摘要

This paper studies a small-gain theorem for nonlinear stochastic equations driven by additive white noise in both trajectories and stationary distribution. Motivated by the most recent work of Marcondes de Freitas and Sontag [SIAM J. Control Optim., 53 (2015), pp. 2657-2695], we first define the input-to-state characteristic operator K(u) of the system in a suitably chosen input space via a backward Ito integral, and then for a given output function h we define the gain operator as the composition of output function h and the input-to-state characteristic operator K(u) on the input space. Suppose that the output function is either order-preserving or anti-order-preserving in the usual vector order and the global Lipschitz constant of the output function is less than the absolute of the negative principal eigenvalue of the linear matrix.

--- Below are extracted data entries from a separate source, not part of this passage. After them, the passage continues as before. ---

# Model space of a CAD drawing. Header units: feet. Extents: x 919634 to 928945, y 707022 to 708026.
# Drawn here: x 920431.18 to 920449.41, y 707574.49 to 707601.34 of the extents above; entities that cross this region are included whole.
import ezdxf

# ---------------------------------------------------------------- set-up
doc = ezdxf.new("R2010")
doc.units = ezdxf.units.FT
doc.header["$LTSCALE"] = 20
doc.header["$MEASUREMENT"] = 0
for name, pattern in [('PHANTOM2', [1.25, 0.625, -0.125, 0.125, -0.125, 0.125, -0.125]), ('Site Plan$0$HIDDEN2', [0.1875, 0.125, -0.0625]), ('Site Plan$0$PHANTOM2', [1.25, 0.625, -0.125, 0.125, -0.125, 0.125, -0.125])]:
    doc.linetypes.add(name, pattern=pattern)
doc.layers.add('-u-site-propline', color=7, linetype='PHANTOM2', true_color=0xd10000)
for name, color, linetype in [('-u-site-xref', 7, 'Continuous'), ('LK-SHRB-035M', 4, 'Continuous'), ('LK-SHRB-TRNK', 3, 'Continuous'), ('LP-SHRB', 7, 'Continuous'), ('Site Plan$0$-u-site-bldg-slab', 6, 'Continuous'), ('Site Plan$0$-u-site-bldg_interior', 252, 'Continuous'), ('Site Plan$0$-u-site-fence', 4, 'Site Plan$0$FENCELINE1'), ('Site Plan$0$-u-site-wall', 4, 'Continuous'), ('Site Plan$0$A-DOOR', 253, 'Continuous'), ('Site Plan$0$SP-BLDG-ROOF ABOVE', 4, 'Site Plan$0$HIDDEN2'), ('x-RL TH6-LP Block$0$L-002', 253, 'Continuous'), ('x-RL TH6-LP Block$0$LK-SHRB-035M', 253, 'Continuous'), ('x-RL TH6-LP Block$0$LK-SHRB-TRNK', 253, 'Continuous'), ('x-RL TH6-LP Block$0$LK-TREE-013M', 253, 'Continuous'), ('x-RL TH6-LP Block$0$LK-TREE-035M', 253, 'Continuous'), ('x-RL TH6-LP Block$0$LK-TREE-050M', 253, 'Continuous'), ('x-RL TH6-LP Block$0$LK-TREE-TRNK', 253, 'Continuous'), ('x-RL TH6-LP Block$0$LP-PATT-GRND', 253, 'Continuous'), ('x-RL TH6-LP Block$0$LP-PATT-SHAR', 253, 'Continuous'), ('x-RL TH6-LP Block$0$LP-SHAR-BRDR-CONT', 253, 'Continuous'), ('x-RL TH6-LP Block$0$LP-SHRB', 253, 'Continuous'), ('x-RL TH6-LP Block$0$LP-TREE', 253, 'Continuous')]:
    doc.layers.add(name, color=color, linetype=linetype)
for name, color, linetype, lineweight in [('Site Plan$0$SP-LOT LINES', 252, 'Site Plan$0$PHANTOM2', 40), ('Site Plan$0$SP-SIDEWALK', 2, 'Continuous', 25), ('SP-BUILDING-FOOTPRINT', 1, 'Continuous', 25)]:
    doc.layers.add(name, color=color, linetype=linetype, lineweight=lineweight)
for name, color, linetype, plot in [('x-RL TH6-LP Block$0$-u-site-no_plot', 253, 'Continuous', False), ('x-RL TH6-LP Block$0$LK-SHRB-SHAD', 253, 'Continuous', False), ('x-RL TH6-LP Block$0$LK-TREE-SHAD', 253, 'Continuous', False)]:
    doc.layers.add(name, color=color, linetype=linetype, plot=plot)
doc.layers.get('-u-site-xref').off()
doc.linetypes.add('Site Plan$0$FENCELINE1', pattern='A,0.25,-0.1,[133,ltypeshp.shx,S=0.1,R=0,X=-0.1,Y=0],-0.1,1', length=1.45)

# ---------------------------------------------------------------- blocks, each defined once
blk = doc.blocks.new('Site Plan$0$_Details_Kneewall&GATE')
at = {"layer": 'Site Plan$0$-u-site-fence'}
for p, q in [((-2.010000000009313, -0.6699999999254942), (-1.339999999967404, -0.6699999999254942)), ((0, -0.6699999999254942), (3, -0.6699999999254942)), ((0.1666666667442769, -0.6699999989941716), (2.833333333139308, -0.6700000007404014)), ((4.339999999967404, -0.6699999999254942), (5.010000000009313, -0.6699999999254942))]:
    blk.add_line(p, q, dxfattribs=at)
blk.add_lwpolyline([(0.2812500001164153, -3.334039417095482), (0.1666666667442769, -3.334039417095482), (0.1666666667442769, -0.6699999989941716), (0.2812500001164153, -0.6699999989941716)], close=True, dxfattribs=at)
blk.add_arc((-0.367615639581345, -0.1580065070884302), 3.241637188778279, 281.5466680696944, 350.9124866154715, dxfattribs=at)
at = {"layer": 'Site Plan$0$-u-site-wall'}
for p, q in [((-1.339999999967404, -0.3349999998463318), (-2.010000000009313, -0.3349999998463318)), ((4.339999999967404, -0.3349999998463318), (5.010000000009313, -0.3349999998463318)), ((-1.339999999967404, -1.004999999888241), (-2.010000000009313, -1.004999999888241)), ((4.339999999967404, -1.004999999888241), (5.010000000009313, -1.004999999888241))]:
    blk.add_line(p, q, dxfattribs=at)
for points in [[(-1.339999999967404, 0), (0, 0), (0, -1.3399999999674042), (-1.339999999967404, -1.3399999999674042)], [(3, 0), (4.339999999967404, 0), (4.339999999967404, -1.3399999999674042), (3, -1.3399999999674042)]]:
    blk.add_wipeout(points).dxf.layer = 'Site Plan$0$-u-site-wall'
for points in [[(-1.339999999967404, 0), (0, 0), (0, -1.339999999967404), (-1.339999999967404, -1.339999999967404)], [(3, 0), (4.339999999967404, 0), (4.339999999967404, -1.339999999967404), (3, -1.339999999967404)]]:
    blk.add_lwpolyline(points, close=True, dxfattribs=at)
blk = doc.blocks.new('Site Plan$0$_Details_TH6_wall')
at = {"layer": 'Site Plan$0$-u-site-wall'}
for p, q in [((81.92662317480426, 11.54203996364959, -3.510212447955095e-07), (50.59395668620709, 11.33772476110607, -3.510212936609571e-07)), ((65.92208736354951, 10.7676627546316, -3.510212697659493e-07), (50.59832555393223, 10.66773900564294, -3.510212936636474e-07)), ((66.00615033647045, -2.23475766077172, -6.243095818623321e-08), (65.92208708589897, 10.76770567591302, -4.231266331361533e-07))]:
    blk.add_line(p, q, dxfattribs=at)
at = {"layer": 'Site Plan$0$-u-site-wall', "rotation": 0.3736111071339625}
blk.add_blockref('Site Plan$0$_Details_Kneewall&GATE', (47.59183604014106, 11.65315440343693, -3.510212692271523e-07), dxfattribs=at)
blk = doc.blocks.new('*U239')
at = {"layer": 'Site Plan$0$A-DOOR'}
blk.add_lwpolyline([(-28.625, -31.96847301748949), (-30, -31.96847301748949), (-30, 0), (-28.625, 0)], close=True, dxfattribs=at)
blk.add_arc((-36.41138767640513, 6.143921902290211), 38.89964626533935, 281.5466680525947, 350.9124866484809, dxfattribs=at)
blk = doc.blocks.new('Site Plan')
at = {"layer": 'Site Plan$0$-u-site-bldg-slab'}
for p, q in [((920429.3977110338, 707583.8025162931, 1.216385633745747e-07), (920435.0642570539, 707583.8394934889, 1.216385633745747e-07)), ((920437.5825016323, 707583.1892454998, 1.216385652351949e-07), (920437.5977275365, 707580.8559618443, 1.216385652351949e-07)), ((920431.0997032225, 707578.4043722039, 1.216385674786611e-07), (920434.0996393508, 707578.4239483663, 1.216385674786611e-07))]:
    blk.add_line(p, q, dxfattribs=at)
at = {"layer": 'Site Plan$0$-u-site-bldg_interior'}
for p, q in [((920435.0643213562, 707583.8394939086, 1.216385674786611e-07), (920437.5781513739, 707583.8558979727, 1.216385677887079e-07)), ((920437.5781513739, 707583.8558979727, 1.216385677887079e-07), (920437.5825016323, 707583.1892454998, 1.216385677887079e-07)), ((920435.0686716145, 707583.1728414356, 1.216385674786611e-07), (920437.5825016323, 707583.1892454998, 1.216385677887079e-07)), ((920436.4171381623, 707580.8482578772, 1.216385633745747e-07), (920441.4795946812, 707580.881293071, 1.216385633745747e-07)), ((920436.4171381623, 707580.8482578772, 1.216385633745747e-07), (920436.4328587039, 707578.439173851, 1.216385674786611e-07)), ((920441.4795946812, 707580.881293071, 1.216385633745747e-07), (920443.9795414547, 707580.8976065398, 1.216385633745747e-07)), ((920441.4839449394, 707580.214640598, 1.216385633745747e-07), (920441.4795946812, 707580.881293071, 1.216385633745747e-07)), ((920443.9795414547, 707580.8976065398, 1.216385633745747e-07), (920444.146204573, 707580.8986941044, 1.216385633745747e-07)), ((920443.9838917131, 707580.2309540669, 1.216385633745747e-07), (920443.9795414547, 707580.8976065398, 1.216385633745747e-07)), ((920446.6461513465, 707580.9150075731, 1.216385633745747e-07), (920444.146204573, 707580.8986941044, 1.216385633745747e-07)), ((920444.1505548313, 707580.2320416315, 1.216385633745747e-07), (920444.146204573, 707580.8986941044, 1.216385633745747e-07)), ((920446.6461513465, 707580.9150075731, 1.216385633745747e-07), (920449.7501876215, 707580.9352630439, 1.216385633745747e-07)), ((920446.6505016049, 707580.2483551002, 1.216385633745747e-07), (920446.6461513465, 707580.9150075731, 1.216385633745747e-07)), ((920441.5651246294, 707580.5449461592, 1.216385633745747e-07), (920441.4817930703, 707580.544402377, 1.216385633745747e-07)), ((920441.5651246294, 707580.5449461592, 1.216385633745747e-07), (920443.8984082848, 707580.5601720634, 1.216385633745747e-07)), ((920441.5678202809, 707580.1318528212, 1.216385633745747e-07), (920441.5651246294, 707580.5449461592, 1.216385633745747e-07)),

Then we prove the so-called small-gain theorem: the gain operator has a unique fixed point; the image for the input-to-state characteristic operator at the fixed point is a globally attracting stochastic equilibrium for the random dynamical system generated by the stochastic system. Under the same assumption for the relation between the Lipschitz constant of the output function and the maximal real part of the stable linear matrix, we prove that the stochastic system has a unique stationary distribution, which is regarded as a stationary distribution version of the small-gain theorem. These results can be applied to stochastic cooperative, competitive, and predator-prey systems, or even others.